I need some help,how to use REW with home stereo.I know,that REW was made for home cinema.But I think,that I can use it for stereo as well.

I have laptop,maudio mobilepre,ecm8000.I was reading this forum and find out,that I need to calibrate mic,soundcard and SPL meter in REW.Correct?
For mic,I use the cal file.For soundcard I have to do loop from input to ouput and calibrate response of the soundcard.Correct?
And for the SPL meter,I will need external analog or digital SPL meter and value set to the REW.Right?
Do I need to calibrate something else?

Than my external DAC has usb input.So I use my DAC as an output device and maudio as an input device.So I can make sweeps from REW and sound should come out from my speakers and mic should make measurement and I should find out where do I have peaks.Right?

Please,can somebody confirm,that it should work like this or do I have to do something else?
Thanks


----------



## brucek (Apr 11, 2006)

> I know,that REW was made for home cinema.


Not at all, it doesn't work for multi-channel actually. The receiver or processor *must* be used in stereo mode.



> Please,can somebody confirm,that it should work like this


Yep............



> For soundcard I have to do loop from input to ouput and calibrate response of the soundcard.Correct?.


Or simply hook a loopback to the left channel (line-out to line-in) of the soundcard. This acts as the calibration when the checkbox is ticked.

brucek


----------



## Guest (Apr 2, 2008)

Thanks for the reply.

So.When I calibrate soundcard once,than I dont need to have that loopback when I do measurement?Because I am not going to use maudio as an output device for measurement.It will be my dac.Maudio as an output device will be used only for soundcard calibration.Right?

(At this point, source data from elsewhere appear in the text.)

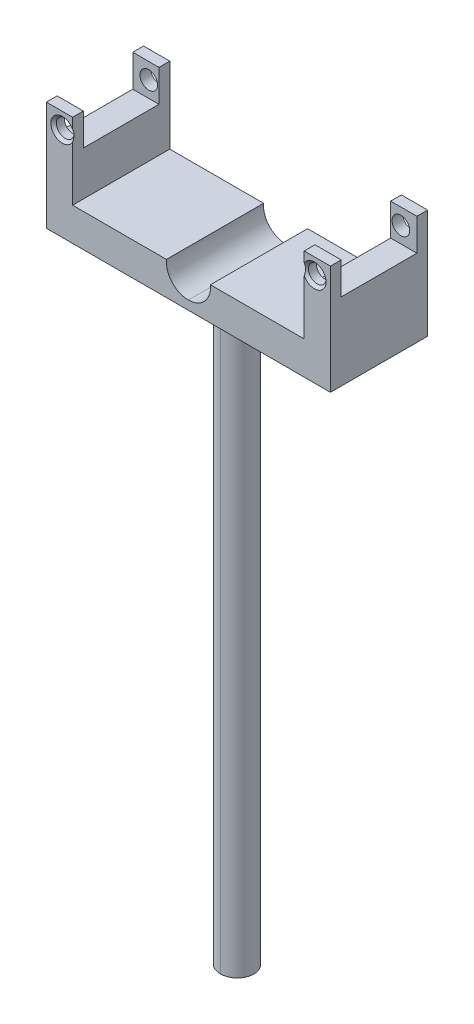
SolidWorks part; units mm, degrees
ref_plane "Front Plane" through (0, 0, 0) normal (0, 0, 1) x (1, 0, 0)
ref_plane "Top Plane" through (0, 0, 0) normal (0, 1, 0) x (1, 0, 0)
ref_plane "Right Plane" through (0, 0, 0) normal (1, 0, 0) x (0, 0, -1)
sketch "Sketch3" plane through (0, 0, 0) normal (0, 0, 1) x (1, 0, 0)
  line L0 (0, 0) -> (0, 19.8)
  line L1 (0, 19.8) -> (4.7504, 19.8)
  line L2 (4.7504, 19.8) -> (4.7504, 6)
  line L3 (4.7504, 6) -> (21.75, 6)
  line L4 (0, 0) -> (25.731, 0)
  line L5 (25.731, 0) -> (25.731, 1.615)
  arc A0 (21.75, 6) -> (25.731, 1.615) centre (25.7314, 5.615) ccw
extrude "Boss-Extrude1" add sketch "Sketch3" along normal blind 17.6
sketch "Sketch4" plane through (0, 19.8, 0) normal (0, 1, 0) x (1, 0, 0)
  line L0 (4.7504, -17.6) -> (4.7504, 0) construction
  line L1 (0, -1.95) -> (4.7504, -1.95)
  line L2 (0, -1.95) -> (0, -15.65)
  line L3 (0, -15.65) -> (4.7504, -15.65)
  line L4 (4.7504, -1.95) -> (4.7504, -15.65)
  line L5 (4.7504, 0) -> (0, 0) construction
  dimension "D1" = 4.7504
  dimension "D2" = 13.7
  dimension "D3" = 1.95
extrude "Cut-Extrude1" cut sketch "Sketch4" against normal blind 5.8
sketch "Sketch5" plane through (0, 0, 0) normal (0, 0, -1) x (-1, 0, 0)
  line L0 (0, 19.8) -> (0, 0) construction
  line L1 (-4.7504, 19.8) -> (0, 19.8) construction
  circle A0 centre (-2.9, 16.9) radius 1.6
  dimension "D1" = 3.2
  dimension "D2" = 2.9
  dimension "D3" = 2.9
extrude "Cut-Extrude2" cut sketch "Sketch5" against normal blind 17.8
sketch "Sketch6" plane through (0, 0, 0) normal (0, -1, 0) x (1, 0, 0)
  line L0 (25.731, 17.6) -> (25.731, 0) construction
  line L1 (25.731, 11.7998) -> (25.731, 5.8005)
  arc A0 (25.731, 11.7998) -> (25.731, 5.8005) centre (25.6846, 8.8001) ccw
  dimension "D1" = 8.8
extrude "Boss-Extrude2" add sketch "Sketch6" along normal blind 107
fillet "Fillet1" radius 4 1 edges at (22.6846, 0, 8.8001)
chamfer "Chamfer1" distance 0.5 angle 45 1 edges at (4.5, 16.9, 17.6)
mirror "Mirror4" about plane through (25.731, 0, 17.6) normal (-1, 0, 0) of bodies 104
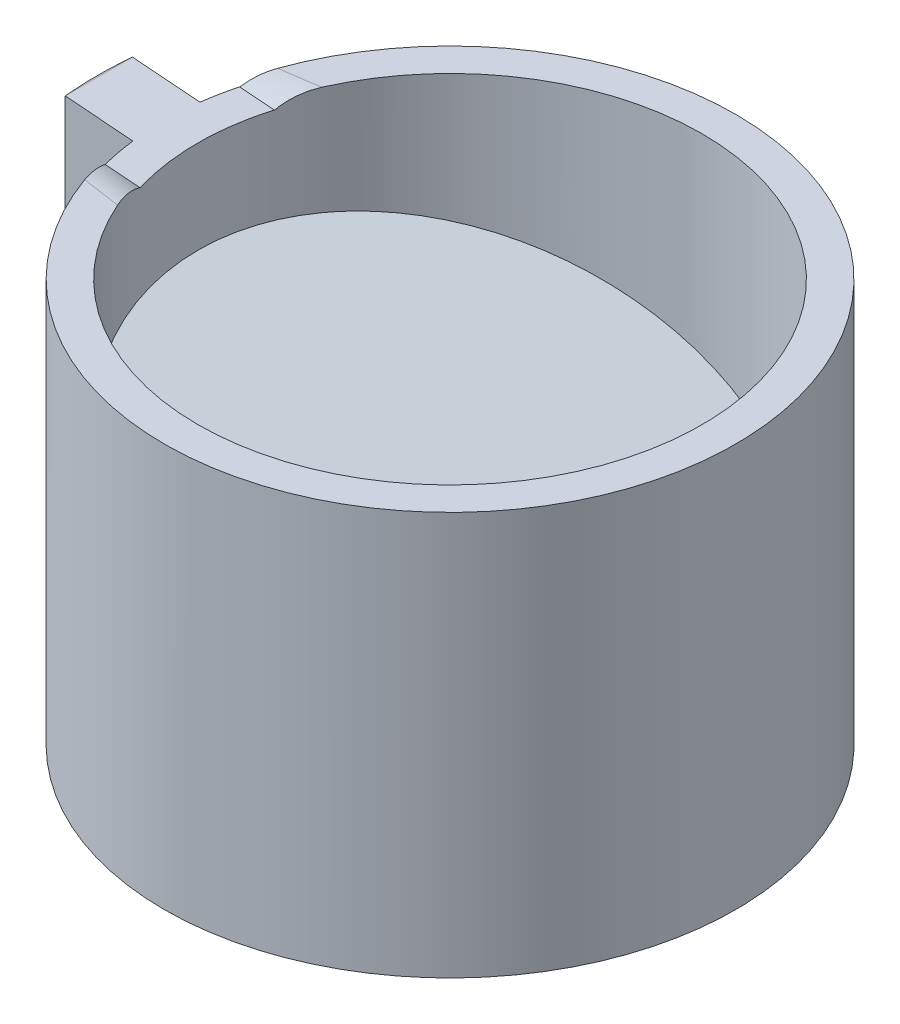
SolidWorks part; units mm, degrees
ref_plane "Front Plane" through (0, 0, 0) normal (0, 0, 1) x (1, 0, 0)
ref_plane "Top Plane" through (0, 0, 0) normal (0, 1, 0) x (1, 0, 0)
ref_plane "Right Plane" through (0, 0, 0) normal (1, 0, 0) x (0, 0, -1)
sketch "Sketch1" plane through (0, 0, 0) normal (0, 1, 0) x (1, 0, 0)
  circle A0 centre (0, 0) radius 9.525
  circle A1 centre (0, 0) radius 10.795
  dimension "D1" = 19.05
  dimension "D2" = 1.27
extrude "Boss-Extrude1" add sketch "Sketch1" along normal blind 2.54 contours A1
sketch "Sketch2" plane through (0, 2.54, 0) normal (0, 1, 0) x (1, 0, 0)
  circle A0 centre (0, 0) radius 9.525
  circle A1 centre (0, 0) radius 10.795
  circle A2 centre (0, 0) radius 10.795 construction
  dimension "D1" = 19.05
extrude "Boss-Extrude2" add sketch "Sketch2" along normal blind 12.7
ref_plane "Plane1" through (0, 12.7, 0) normal (0, 1, 0) x (1, 0, 0)
sketch "Sketch3" plane through (0, 0, 0) normal (0, 0, 1) x (1, 0, 0)
  line L1 (9.525, 2.54) -> (-9.525, 2.54) construction
  line L2 (-9.525, 11.43) -> (-9.525, 2.54)
  line L3 (-9.525, 2.54) -> (9.525, 2.54)
  line L4 (-9.525, 11.43) -> (9.525, 4.5134)
  line L5 (9.525, 4.5134) -> (9.525, 2.54)
  dimension "D1" = 8.89
  dimension "D2" = 1.9734
extrude "Boss-Extrude3" add sketch "Sketch3" along normal mid plane 19.05 contours L2 L3 L5 L4
sketch "Sketch4" plane through (0, 15.24, 0) normal (0, 1, 0) x (1, 0, 0)
  circle A0 centre (0, 0) radius 10.795
  circle A1 centre (0, 0) radius 13.4704
  circle A2 centre (0, 0) radius 10.795 construction
extrude "Cut-Extrude1" cut sketch "Sketch4" against normal up to surface (15.24 mm away) up to face at (0, 0, 10.795)
sketch "Sketch5" plane through (0, 15.24, 0) normal (0, 1, 0) x (1, 0, 0)
  line L0 (0, 0) -> (-16.3634, 0) construction
  line L2 (-9.525, 1.27) -> (-13.2744, 1.27)
  line L3 (-9.525, 1.27) -> (-9.525, -1.27)
  line L4 (-9.525, -1.27) -> (-13.2744, -1.27)
  arc A0 (-13.2744, 1.27) -> (-13.2744, -1.27) centre (0, 0) ccw
  circle A1 centre (0, 0) radius 10.795 construction
  dimension "D1" = 2.54
  dimension "D2" = 1.27
  dimension "D3" = 1.27
  dimension "D4" = 9.525
extrude "Boss-Extrude4" add sketch "Sketch5" against normal blind 5.08
sketch "Sketch7" plane through (0, 0, -1.27) normal (0, 0, -1) x (-1, 0, 0)
  line L0 (13.2744, 13.6281) -> (13.2744, 15.24)
  line L2 (13.2744, 15.24) -> (8.9498, 14.8981)
  line L6 (10.72, 15.24) -> (13.2744, 15.24) construction
  line L7 (13.2744, 10.16) -> (13.2744, 15.24) construction
  line L9 (13.2744, 15.24) -> (8.9801, 16.51)
  line L14 (8.9801, 16.51) -> (8.9498, 14.8981)
  dimension "D1" = 1.6119
  dimension "D2" = 0
  dimension "D3" = 0
  dimension "D4" = 1.6119
extrude "Cut-Extrude6" cut sketch "Sketch7" against normal blind 3.81 and the other way blind 1.27 contours L2 L14 L9
fillet "Fillet1" radius 2.54 2 edges at (-9.836, 15.24, -2.54) (-9.836, 15.24, 2.54)
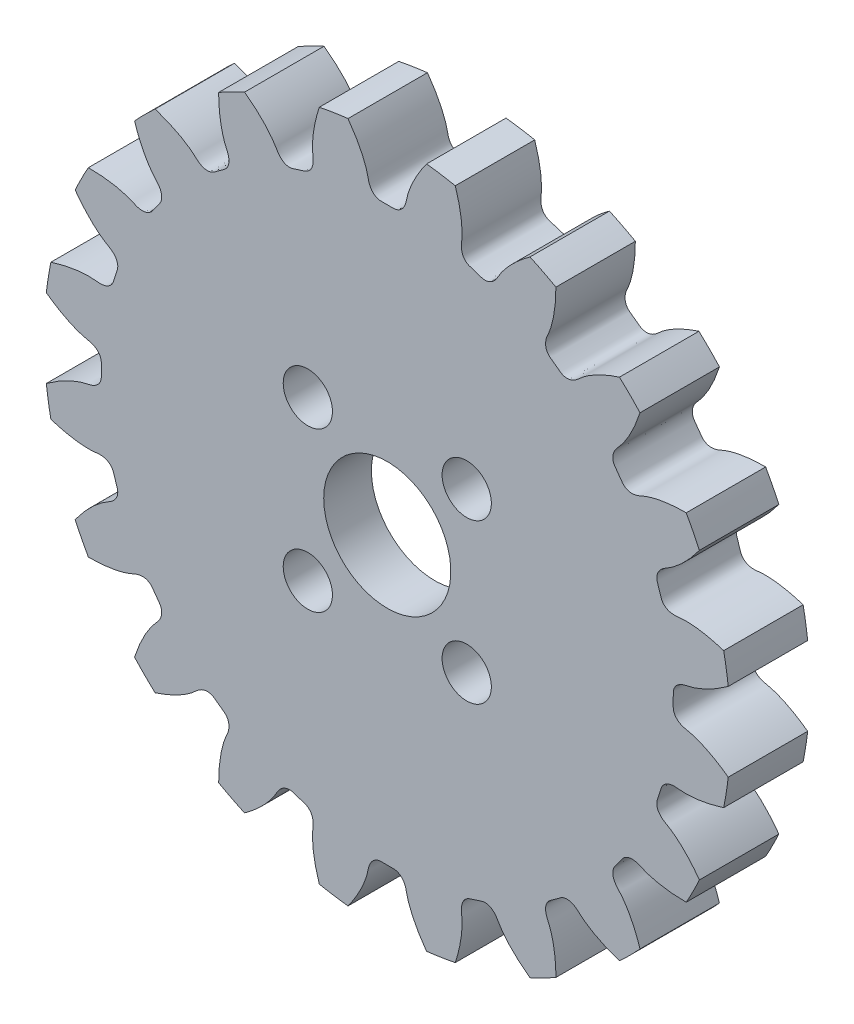
SolidWorks part; units mm, degrees
ref_plane "前视基准面" through (0, 0, 0) normal (0, 0, 1) x (1, 0, 0)
ref_plane "上视基准面" through (0, 0, 0) normal (0, 1, 0) x (1, 0, 0)
ref_plane "右视基准面" through (0, 0, 0) normal (1, 0, 0) x (0, 0, -1)
other "Configuration Table"
ref_axis "基准轴1" through (0, 0, 55) along (0, 0, -1)
sketch "SketchRevolveSpurGear1" plane through (0, 0, 0) normal (1, 0, 0) x (0, 0, -1)
  line L0 (0, 0) -> (1, 0) construction
  line L1 (-10, 0) -> (-10, 21.6)
  line L2 (-10, 21.6) -> (10, 21.6)
  line L3 (10, 21.6) -> (10, 0)
  line L4 (10, 0) -> (-10, 0)
revolve "SpurGear1" add sketch "SketchRevolveSpurGear1" angle 360 about L0
sketch "SketchToothSpurGear1" plane through (0, 0, 0) normal (0, 0, 1) x (1, 0, 0)
  arc A0 (21.5322, 2.5269) -> (21.5322, -2.5269) centre (0, 0) cw
  spline S0 degree 3 poles (21.5322, -2.5269) (21.3014, -2.3556) (20.9931, -2.145) (20.604, -1.9126) (20.3938, -1.795) (20.194, -1.6908) (20.0053, -1.5991) (19.8283, -1.5192) (19.6633, -1.4505) (19.511, -1.392) (19.3716, -1.3431) (19.2458, -1.303) (19.1338, -1.2708) (19.036, -1.2455) (18.8697, -1.2083) (18.7048, -1.1786) (18.5467, -1.1199) (18.4634, -1.0826) (18.3805, -1.037) (18.297, -0.98) (18.2128, -0.9069) (18.1301, -0.8111) (18.0562, -0.6863) (18.0071, -0.5384) (17.9872, -0.3051) (18.0091, 0) (17.9872, 0.3051) (18.0071, 0.5384) (18.0562, 0.6863) (18.1301, 0.8111) (18.2128, 0.9069) (18.297, 0.98) (18.3805, 1.037) (18.4634, 1.0826) (18.5467, 1.1199) (18.7048, 1.1786) (18.8697, 1.2083) (19.036, 1.2455) (19.1338, 1.2708) (19.2458, 1.303) (19.3716, 1.3431) (19.511, 1.392) (19.6633, 1.4505) (19.8283, 1.5192) (20.0053, 1.5991) (20.194, 1.6908) (20.3938, 1.795) (20.604, 1.9126) (20.9931, 2.145) (21.3014, 2.3556) (21.5322, 2.5269) knots 0 0 0 0 0.091955 0.119295 0.144978 0.169005 0.191374 0.212086 0.231141 0.248539 0.26428 0.278365 0.290792 0.301562 0.310676 0.345325 0.354891 0.364542 0.374515 0.385131 0.396818 0.410091 0.425426 0.442936 0.459429 0.5 0.540571 0.557064 0.574574 0.589909 0.603182 0.614869 0.625485 0.635458 0.645109 0.654675 0.689324 0.698438 0.709208 0.721635 0.73572 0.751461 0.768859 0.787914 0.808626 0.830995 0.855022 0.880705 0.908045 1 1 1 1
extrude "ToothExtrudeCutSpurGear1" cut sketch "SketchToothSpurGear1" against normal blind 10 and the other way blind 10
pattern_circular "PatternSpurGear1" count 20 every 18 about axis through (0, 0, 55) along (0, 0, -1) of "ToothExtrudeCutSpurGear1"
sketch "BoreRevolveSketch" plane through (0, 0, 0) normal (1, 0, 0) x (0, 0, -1)
  line L0 (0, 0) -> (1, 0) construction
  line L1 (-10, 0) -> (10, 0)
  line L2 (10, 0) -> (10, 5)
  line L3 (10, 5) -> (-10, 5)
  line L4 (-10, 5) -> (-10, 0)
  dimension "TaperSide1" = 5
  dimension "TaperSide2" = 5
revolve "BoreRevolveCut" cut sketch "BoreRevolveSketch" angle 360 about L0
sketch "AuxiliarySketchSpurGear1" plane through (0, 0, 0) normal (0, 0, 1) x (1, 0, 0)
  circle A0 centre (0, 0) radius 20 construction
  circle A1 centre (0, 0) radius 18.7939 construction
  circle A2 centre (0, 0) radius 18.9161 construction
  circle A3 centre (0, 0) radius 21.6 construction
  circle A4 centre (0, 0) radius 18 construction
  dimension "PitchDiameter" = 40
  dimension "BaseDiameter" = 37.5877
  dimension "FormDiameter" = 37.8322
  dimension "MajorDiameter" = 43.2
  dimension "MinorDiameter" = 36
sketch "草图5" plane through (0, 0, 10) normal (0, 0, 1) x (1, 0, 0)
  circle A0 centre (0, 0) radius 5
extrude "凸台-拉伸1" add sketch "草图5" against normal blind 10
sketch "草图6" plane through (0, 0, -10) normal (0, 0, -1) x (-1, 0, 0)
  circle A0 centre (0, 0) radius 21.6
extrude "切除-拉伸3" cut sketch "草图6" against normal blind 15
sketch "草图8" plane through (0, 0, 5) normal (0, 0, -1) x (-1, 0, 0)
  circle A0 centre (0, 0) radius 10.5
  dimension "D1" = 21
extrude "切除-拉伸4" cut sketch "草图8" against normal blind 2
sketch "草图9" plane through (0, 0, 7) normal (0, 0, -1) x (-1, 0, 0)
  line L1 (-5, -5) -> (5, -5)
  line L2 (-5, -5) -> (-5, 5)
  line L3 (-5, 5) -> (5, 5)
  line L4 (5, -5) -> (5, 5)
  line L5 (-5, -5) -> (5, 5) construction
  line L6 (-5, 5) -> (5, -5) construction
  circle A0 centre (0, 0) radius 4
  circle A2 centre (-5, 5) radius 1.55
  circle A3 centre (5, 5) radius 1.55
  circle A4 centre (5, -5) radius 1.55
  circle A5 centre (-5, -5) radius 1.55
  point P17 (0, 0)
  dimension "D1" = 8
  dimension "D4" = 3.1
  dimension "D2" = 10
  dimension "D3" = 10
  dimension "D5" = 4
extrude "切除-拉伸6" cut sketch "草图9" against normal through all contours A0 | A2 | A5 | A4 | A3 region at (0, 0, 7)
sketch "草图10" plane through (0, 0, 5) normal (0, 0, -1) x (-1, 0, 0)
  circle A0 centre (0, 0) radius 21.6
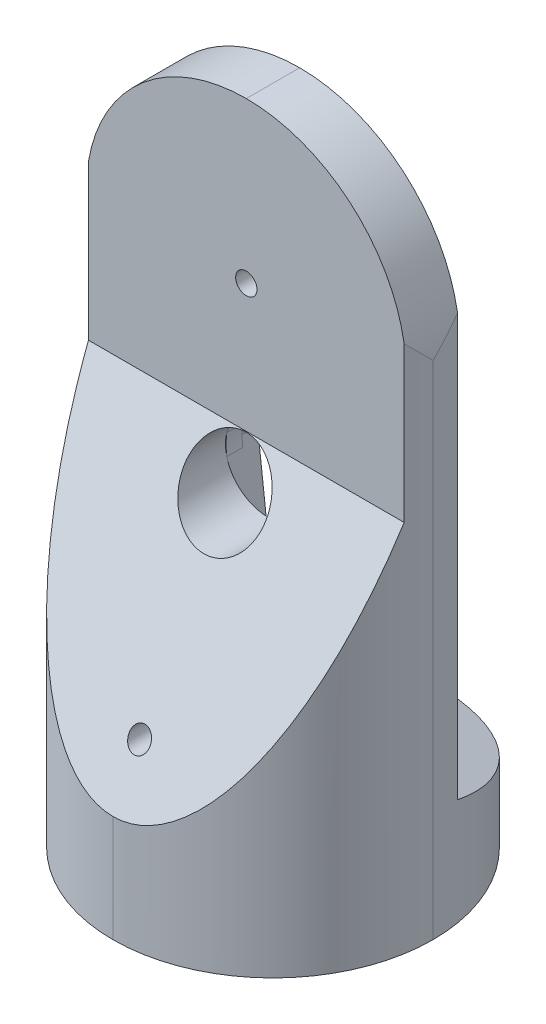
SolidWorks part; units mm, degrees
ref_plane "Front Plane" through (0, 0, 0) normal (0, 0, 1) x (1, 0, 0)
ref_plane "Top Plane" through (0, 0, 0) normal (0, 1, 0) x (1, 0, 0)
ref_plane "Right Plane" through (0, 0, 0) normal (1, 0, 0) x (0, 0, -1)
sketch "Sketch1" plane through (0, 0, 0) normal (0, 0, 1) x (1, 0, 0)
  line L0 (-2.1, 16) -> (-3.95, 0)
  line L1 (-15, -31) -> (15, -31)
  line L2 (-15, -31) -> (-15, 31)
  line L3 (-15, 31) -> (15, 31)
  line L4 (15, -31) -> (15, 31)
  line L5 (-15, -31) -> (-3.1882, -6.5889) construction
  line L6 (-15, 31) -> (-3.1882, 6.5889) construction
  line L7 (0, 31) -> (0, 18.1) construction
  line L8 (-15, 0) -> (-3.95, 0) construction
  line L9 (2.1, 16) -> (3.95, 0)
  line L10 (2.1, -16) -> (3.95, 0)
  line L11 (-2.1, -16) -> (-3.95, 0)
  line L12 (3.95, 0) -> (15, 0) construction
  line L13 (3.1882, -6.5889) -> (15, -31) construction
  line L14 (3.1882, 6.5889) -> (15, 31) construction
  line L15 (0, -18.1) -> (0, -31) construction
  arc A0 (-3.8458, 0.9014) -> (-3.8458, -0.9014) centre (0, 0) ccw
  arc A1 (2.1, 16) -> (-2.1, 16) centre (0, 16) ccw
  arc A2 (2.1, -16) -> (-2.1, -16) centre (0, -16) cw
  arc A3 (3.8458, -0.9014) -> (3.8458, 0.9014) centre (0, 0) ccw
  circle A4 centre (0, 16) radius 1
  circle A5 centre (0, -16) radius 1
  point P0 (0, 0)
  dimension "D1" = 7.9
  dimension "D2" = 4.2
  dimension "D4" = 15
  dimension "D5" = 15
  dimension "D6" = 2
  dimension "D7" = 2
  dimension "D3" = 36.2
sketch "Sketch2" plane through (0, 0, 0) normal (0, 0, 1) x (1, 0, 0)
  line L1 (-15, -31) -> (15, -31)
  line L2 (-15, -31) -> (-15, 31)
  line L3 (-15, 31) -> (15, 31)
  line L4 (15, -31) -> (15, 31)
  line L5 (-15, -31) -> (15, 31) construction
  line L6 (-15, 31) -> (15, -31) construction
  point P0 (0, 0)
  dimension "D1" = 62
extrude "Boss-Extrude10" add sketch "Sketch2" along normal blind 5
extrude "Cut-Extrude5" cut sketch "Sketch1" along normal blind 1.5 contours A2 L10 L9 A1 L0 L11 A5 A4 region at (0, 0, 0)
extrude "Cut-Extrude6" cut sketch "Sketch1<14>" along normal through all contours A4 | A5
sketch "Sketch1<14>" plane through (0, 0, 0) normal (0, 0, 1) x (1, 0, 0) same geometry as "Sketch1"
fillet "Fillet1" radius 15 2 edges at (-15, 31, 2.5) (15, 31, 2.5)
sketch "Sketch5" plane through (0, 0, 0) normal (0, 0, -1) x (-1, 0, 0)
  line L0 (15, 16) -> (15, -31) construction
  line L1 (-15, -31) -> (15, -31)
  line L2 (-15, -31) -> (-15, -26)
  line L3 (-15, -26) -> (15, -26)
  line L4 (15, -31) -> (15, -26)
  dimension "D1" = 5
extrude "Boss-Extrude11" add sketch "Sketch5" along normal blind 12.5
ref_plane "Plane1" through (0, 0, 2.5) normal (0, 0, 1) x (1, 0, 0)
mirror "Mirror1" about plane through (0, 0, 2.5) normal (0, 0, 1) of "Boss-Extrude11"
fillet "Fillet2" radius 15 4 edges at (15, -28.5, 17.5) (-15, -28.5, 17.5) (-15, -28.5, -12.5) (15, -28.5, -12.5)
sketch "Sketch7" plane through (0, -31, 0) normal (0, -1, 0) x (1, 0, 0)
  circle A0 centre (0, 2.5) radius 2.5
  arc A1 (15, 2.5) -> (0, 17.5) centre (0, 2.5) ccw construction
  dimension "5" = 5
extrude "Cut-Extrude7" cut sketch "Sketch7" against normal blind 3
chamfer "Chamfer1" distance 15 distance2 30 1 edges at (0, -26, 5) first distance on face at (0, -26, 10.971)
chamfer "Chamfer2" distance 5 distance2 15 1 edges at (0, -26, 0) first distance on face at (0, 4.2826, 0)
sketch "Sketch8" plane through (0, 0, 1.5) normal (0, 0, -1) x (-1, 0, 0)
  line L0 (-3.3141, -5.5) -> (3.3141, -5.5)
  line L1 (-2.1, -16) -> (-3.95, 0) construction
  line L2 (2.1, -16) -> (3.95, 0) construction
  line L3 (-3.3141, 5.5) -> (3.3141, 5.5)
  line L4 (-2.1, 16) -> (-3.95, 0) construction
  line L5 (2.1, 16) -> (3.95, 0) construction
  line L6 (-3.3141, 5.5) -> (-3.8371, 0.9763)
  line L7 (-2.1, -16) -> (-3.95, 0) construction
  line L8 (-3.8371, -0.9763) -> (-3.3141, -5.5)
  line L9 (3.3141, 5.5) -> (3.8371, 0.9763)
  line L11 (3.8371, -0.9763) -> (3.3141, -5.5)
  arc A0 (-3.8371, 0.9763) -> (-3.8371, -0.9763) centre (4.6066, 0) ccw
  arc A1 (3.8371, 0.9763) -> (3.8371, -0.9763) centre (-4.6066, 0) cw
  dimension "D3" = 8.5
  dimension "D1" = 11
  dimension "D2" = 5.5
extrude "Cut-Extrude8" cut sketch "Sketch8" against normal blind 1.5
sketch "Sketch9" plane through (0, 0, 3) normal (0, 0, -1) x (-1, 0, 0)
  circle A0 centre (0, 0) radius 3.95
extrude "Cut-Extrude9" cut sketch "Sketch9" against normal blind 10

In settings,there is that checkbox for left channel reference calibration.I should check this only if i am using maudio as an output device for measurement and loopback is on.Right?

Thanks


----------



## brucek (Apr 11, 2006)

> When I calibrate soundcard once,than I dont need to have that loopback when I do measurement?


Yes, if the box is unticked you'll be using the soundcard cal file that you produced and stored (instead of using the left channel loopback).

But, here's the rub with your logic. You are including a piece of your UUT (unit under test) into your test equipment.

The standard method is that you calibrate your test equipment (usually a PC soundcard with analog line-out and analog line-in) with an external loopback cable, so that when the loopback is measured it returns a perfectly flat response.

Then when you hook this perfect test eqiupment up to the UUT (in most cases a preamp/amp or receiver with sub and or mains speakers and a room using a flat microphone) the response will be the UUT only.

Do you see what you're doing? You want to include the DAC in both the test equipment and the UUT. To do so, you'll have to accept the assumption that the DAC is perfect and so its influence will be a wash.

brucek


----------



## glaufman (Nov 25, 2007)

brucek said:


> To do so, you'll have to accept the assumption that the DAC is perfect and so its influence will be a wash.


I think more to the point, he won't be assuming the DAC is perfect, but that it perfectly matches the DAC internal to the m-audio... The internal DAC's response has already been included in the cal file he's producing, but then he's removing it from the test setup...


----------



## brucek (Apr 11, 2006)

Yep................


----------



## Guest (Apr 3, 2008)

So I calibrated my soundcard using loopback and created cal file.Response is perfectly flat.

Now what I want to say is,that I have stereo system made of cd transport,external dac,preamp,active monitors and active sub.

When the soundcard is calibrated,I can do some sweeps now.Questions is,how.

As I said before,my dac has usb input and I can select my dac as an output device in REW and testing sweeps will not go trough maudio,but directly from pc to dac.I can select only one output device in pc,so maudio output is disabled and dac is enabled.
Test tones go to dac and maudio will receive response from my speakers through the mic.Thats the first option.

Second.Output device will be maudio and I have to go from maudio to the preamp.But cd transport and dac wont be in my stereo chain.

Third.I can do cd with test tones and play those tones through cd transport.Than O dont know what should I setup for output device.Should I select maudio and use loopback?And I have to start meauserement simultaneously with meaeserement in REW.

Thanks


----------



## m-fine (Aug 4, 2007)

Follow the second one. Any error from the CD transport and DAC are NOT what you want to correct with EQ anyway. You are looking for room resonances and using EQ to pull them out. Besides, any error from the DAC ought to be smaller than your measurement accuracy if it is a half decent DAC.


----------



## brucek (Apr 11, 2006)

> Second.Output device will be maudio and I have to go from maudio to the preamp.But cd transport and dac wont be in my stereo chain.


Yeah, go with this method.......

brucek


----------